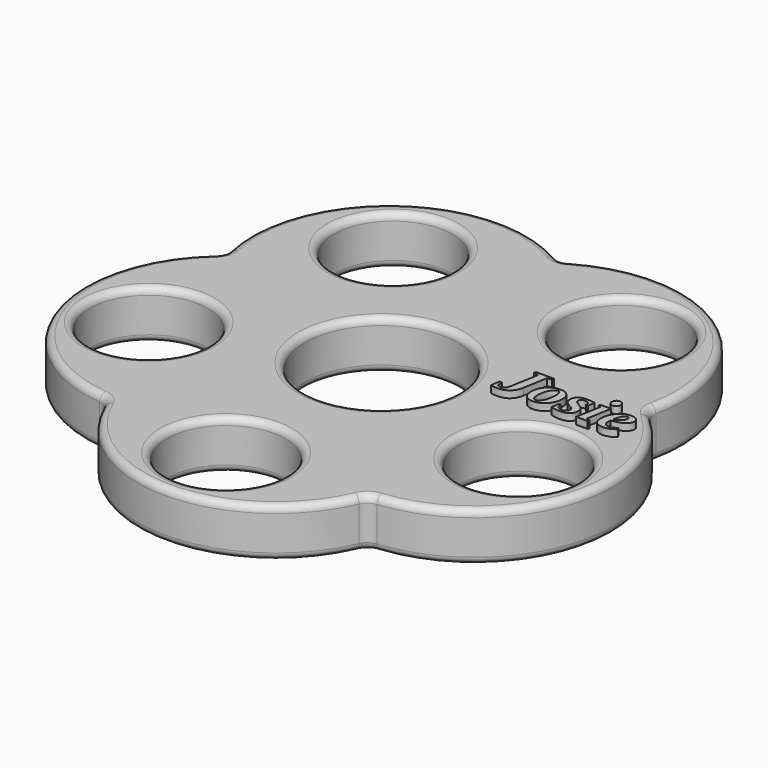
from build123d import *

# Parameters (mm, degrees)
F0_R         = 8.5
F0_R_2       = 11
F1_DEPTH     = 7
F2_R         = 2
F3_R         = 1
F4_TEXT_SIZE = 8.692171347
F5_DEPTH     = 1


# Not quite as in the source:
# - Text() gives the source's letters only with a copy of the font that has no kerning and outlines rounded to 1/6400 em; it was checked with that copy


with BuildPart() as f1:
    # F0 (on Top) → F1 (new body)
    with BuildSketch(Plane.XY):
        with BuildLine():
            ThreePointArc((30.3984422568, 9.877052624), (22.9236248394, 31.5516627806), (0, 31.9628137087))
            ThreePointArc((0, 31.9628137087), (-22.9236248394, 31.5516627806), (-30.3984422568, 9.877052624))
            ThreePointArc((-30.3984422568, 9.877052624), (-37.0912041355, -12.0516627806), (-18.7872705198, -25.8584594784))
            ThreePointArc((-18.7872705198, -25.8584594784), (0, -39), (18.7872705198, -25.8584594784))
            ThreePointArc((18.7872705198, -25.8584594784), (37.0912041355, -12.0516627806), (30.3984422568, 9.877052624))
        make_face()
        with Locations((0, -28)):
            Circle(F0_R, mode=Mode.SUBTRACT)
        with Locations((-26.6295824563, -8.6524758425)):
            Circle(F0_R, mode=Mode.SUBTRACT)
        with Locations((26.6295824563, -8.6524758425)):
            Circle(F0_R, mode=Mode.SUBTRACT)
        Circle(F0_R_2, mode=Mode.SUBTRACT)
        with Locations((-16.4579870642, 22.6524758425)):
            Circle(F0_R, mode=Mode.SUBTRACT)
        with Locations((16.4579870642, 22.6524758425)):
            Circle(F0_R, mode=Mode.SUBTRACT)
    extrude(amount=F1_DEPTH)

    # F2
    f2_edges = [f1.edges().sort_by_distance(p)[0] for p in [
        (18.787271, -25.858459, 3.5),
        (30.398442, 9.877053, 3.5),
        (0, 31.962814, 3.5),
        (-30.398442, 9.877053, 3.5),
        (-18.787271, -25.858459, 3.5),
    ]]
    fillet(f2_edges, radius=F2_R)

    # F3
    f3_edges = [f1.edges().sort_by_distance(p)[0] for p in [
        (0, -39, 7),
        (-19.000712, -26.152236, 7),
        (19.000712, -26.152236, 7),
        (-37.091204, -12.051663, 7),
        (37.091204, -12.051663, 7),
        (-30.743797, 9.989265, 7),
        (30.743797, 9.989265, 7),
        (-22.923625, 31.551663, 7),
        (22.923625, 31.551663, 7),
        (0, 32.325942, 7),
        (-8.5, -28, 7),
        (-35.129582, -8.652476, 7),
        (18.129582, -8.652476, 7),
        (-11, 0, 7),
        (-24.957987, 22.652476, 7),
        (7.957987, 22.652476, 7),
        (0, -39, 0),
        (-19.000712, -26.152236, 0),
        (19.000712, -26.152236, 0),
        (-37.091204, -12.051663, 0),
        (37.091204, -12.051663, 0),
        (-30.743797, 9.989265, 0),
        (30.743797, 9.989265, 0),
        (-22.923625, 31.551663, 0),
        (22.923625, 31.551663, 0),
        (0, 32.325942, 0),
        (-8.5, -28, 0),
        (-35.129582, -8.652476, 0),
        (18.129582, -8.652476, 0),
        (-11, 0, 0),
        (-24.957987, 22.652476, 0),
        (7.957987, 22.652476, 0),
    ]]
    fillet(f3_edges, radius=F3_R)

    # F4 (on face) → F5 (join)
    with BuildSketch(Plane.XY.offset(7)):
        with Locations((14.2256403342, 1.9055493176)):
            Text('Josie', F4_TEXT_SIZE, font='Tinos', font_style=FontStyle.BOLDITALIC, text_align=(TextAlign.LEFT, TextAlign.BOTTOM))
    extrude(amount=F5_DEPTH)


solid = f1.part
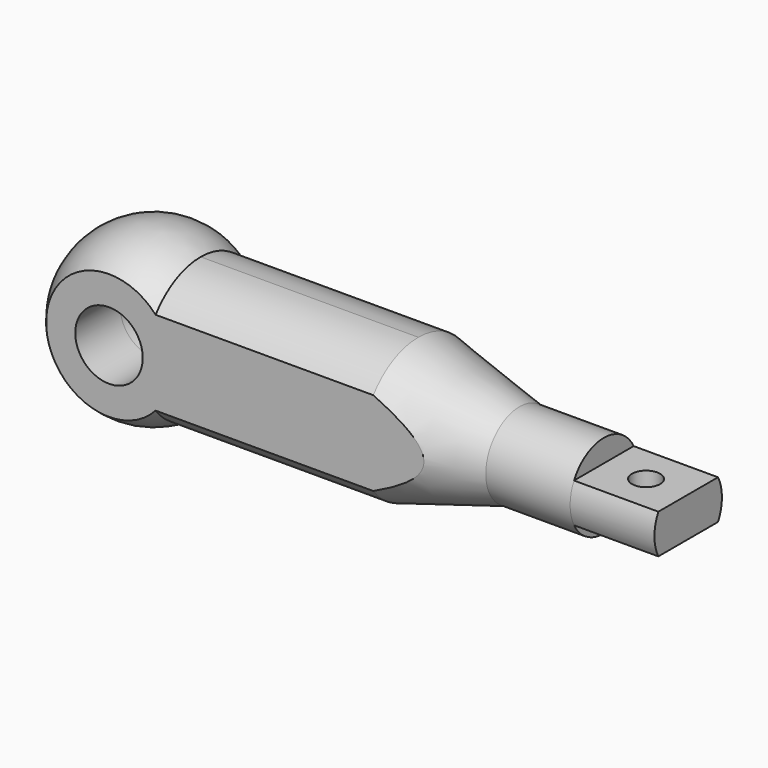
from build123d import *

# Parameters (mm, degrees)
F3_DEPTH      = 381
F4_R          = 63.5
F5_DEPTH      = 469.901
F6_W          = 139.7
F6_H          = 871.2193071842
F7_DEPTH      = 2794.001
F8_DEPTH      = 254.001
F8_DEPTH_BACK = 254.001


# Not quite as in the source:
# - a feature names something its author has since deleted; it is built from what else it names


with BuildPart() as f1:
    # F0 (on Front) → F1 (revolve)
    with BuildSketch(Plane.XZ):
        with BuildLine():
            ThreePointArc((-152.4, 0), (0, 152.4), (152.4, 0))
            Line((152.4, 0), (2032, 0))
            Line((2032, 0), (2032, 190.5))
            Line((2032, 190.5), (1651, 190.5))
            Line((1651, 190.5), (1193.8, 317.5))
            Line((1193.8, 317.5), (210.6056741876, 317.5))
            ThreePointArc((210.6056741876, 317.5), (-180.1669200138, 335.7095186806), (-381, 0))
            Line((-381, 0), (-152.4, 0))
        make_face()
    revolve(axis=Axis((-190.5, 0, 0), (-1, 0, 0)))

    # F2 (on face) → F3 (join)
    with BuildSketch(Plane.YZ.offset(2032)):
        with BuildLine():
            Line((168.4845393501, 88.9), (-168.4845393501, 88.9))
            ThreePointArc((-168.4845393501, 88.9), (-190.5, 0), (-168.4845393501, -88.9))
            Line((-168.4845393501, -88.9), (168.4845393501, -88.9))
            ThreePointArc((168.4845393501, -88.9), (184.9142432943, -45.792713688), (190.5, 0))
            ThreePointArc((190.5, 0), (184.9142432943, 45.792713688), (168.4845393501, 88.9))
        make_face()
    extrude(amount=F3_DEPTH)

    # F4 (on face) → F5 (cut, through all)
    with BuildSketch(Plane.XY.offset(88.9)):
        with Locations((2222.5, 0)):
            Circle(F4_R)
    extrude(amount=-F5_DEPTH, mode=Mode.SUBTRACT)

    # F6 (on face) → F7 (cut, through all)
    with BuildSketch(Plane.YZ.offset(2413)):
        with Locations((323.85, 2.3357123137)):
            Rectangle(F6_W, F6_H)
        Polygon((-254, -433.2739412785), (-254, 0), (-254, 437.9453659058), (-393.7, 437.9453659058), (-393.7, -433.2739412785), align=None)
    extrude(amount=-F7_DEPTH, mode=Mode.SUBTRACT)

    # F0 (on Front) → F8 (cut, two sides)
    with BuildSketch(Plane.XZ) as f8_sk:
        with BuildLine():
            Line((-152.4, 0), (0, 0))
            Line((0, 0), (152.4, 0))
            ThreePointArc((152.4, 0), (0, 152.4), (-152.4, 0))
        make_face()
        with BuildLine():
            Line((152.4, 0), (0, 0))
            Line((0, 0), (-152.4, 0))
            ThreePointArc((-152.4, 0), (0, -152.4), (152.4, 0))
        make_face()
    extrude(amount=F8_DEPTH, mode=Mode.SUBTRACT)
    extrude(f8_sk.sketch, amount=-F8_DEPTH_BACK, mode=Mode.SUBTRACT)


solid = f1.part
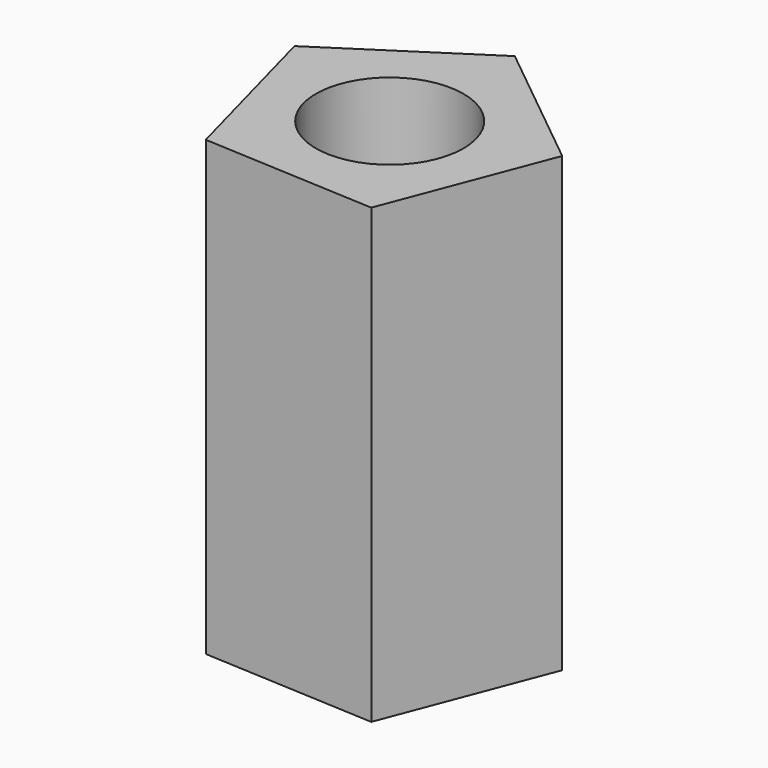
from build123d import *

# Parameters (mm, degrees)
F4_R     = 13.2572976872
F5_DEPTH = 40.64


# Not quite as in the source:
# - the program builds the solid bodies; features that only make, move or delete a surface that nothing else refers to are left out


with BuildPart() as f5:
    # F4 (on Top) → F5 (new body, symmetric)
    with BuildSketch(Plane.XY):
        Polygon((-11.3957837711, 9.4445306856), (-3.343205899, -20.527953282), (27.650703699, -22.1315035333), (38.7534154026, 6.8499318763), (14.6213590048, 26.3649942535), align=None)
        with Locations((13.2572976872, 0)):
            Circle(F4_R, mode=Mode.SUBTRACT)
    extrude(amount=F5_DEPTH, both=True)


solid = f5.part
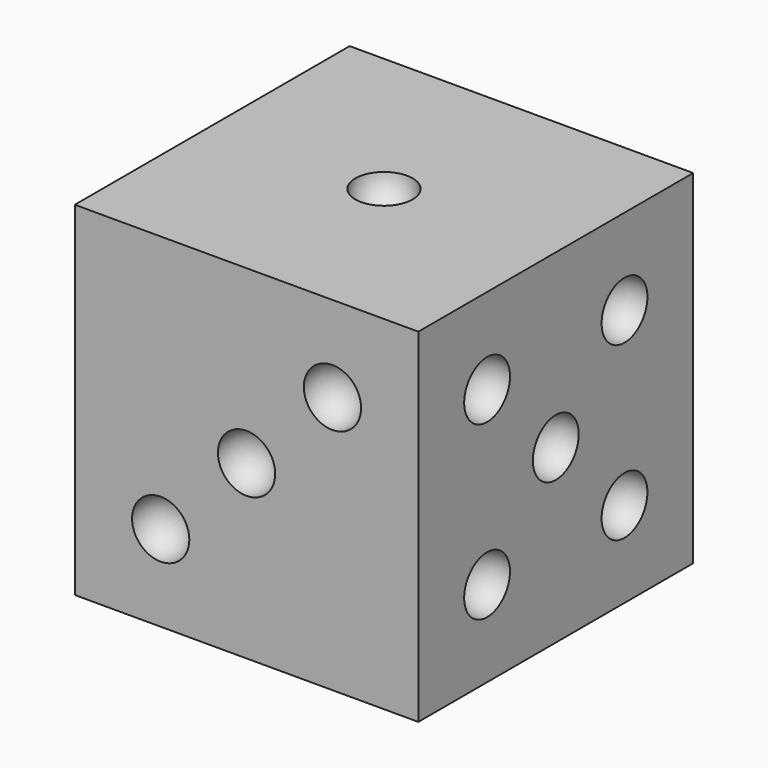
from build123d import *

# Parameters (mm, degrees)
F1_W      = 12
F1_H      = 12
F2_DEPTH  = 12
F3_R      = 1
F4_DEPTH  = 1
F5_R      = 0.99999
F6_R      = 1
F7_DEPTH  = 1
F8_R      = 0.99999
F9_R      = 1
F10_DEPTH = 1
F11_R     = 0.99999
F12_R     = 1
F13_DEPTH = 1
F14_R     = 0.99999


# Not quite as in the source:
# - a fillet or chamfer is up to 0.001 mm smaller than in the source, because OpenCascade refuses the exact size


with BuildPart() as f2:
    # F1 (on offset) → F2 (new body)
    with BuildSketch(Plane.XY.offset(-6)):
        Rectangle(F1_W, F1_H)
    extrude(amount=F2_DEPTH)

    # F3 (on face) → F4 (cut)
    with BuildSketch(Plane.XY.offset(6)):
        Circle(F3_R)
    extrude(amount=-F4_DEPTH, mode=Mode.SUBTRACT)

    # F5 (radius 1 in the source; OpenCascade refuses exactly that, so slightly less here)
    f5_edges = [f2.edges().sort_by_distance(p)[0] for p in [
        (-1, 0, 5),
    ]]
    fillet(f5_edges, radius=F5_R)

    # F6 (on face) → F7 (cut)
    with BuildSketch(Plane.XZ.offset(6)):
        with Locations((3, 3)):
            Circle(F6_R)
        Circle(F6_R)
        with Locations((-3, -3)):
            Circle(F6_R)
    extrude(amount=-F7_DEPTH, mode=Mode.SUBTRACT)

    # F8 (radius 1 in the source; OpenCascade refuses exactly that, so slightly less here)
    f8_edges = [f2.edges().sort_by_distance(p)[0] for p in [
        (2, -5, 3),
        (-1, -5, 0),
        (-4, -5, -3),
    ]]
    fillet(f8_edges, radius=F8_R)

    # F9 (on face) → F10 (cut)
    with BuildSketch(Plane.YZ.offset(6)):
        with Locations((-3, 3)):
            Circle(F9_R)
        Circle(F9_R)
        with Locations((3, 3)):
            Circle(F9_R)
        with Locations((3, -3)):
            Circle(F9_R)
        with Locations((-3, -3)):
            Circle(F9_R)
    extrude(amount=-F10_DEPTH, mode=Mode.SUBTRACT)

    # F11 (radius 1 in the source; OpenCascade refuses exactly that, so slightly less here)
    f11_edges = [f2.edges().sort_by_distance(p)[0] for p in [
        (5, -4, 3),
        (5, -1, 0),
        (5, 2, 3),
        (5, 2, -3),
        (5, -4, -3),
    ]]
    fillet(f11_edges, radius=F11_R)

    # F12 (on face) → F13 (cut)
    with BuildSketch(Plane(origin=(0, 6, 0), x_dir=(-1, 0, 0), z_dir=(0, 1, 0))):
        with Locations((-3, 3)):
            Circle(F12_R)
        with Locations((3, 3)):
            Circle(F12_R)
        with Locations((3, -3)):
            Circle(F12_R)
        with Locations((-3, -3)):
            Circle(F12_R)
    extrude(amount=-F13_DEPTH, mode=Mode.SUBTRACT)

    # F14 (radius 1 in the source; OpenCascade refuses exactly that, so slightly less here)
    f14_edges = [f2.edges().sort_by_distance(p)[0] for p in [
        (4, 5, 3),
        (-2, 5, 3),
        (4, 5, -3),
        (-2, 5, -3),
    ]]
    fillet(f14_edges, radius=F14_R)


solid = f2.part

→ Exercise brief:
Scan the entries above and copy each line where "solid" occurs.

→ Answer:
solid = f1.part
solid = f1.part
# - the program builds the solid bodies; features that only make, move or delete a surface that nothing else refers to are left out
solid = f5.part
solid = f2.part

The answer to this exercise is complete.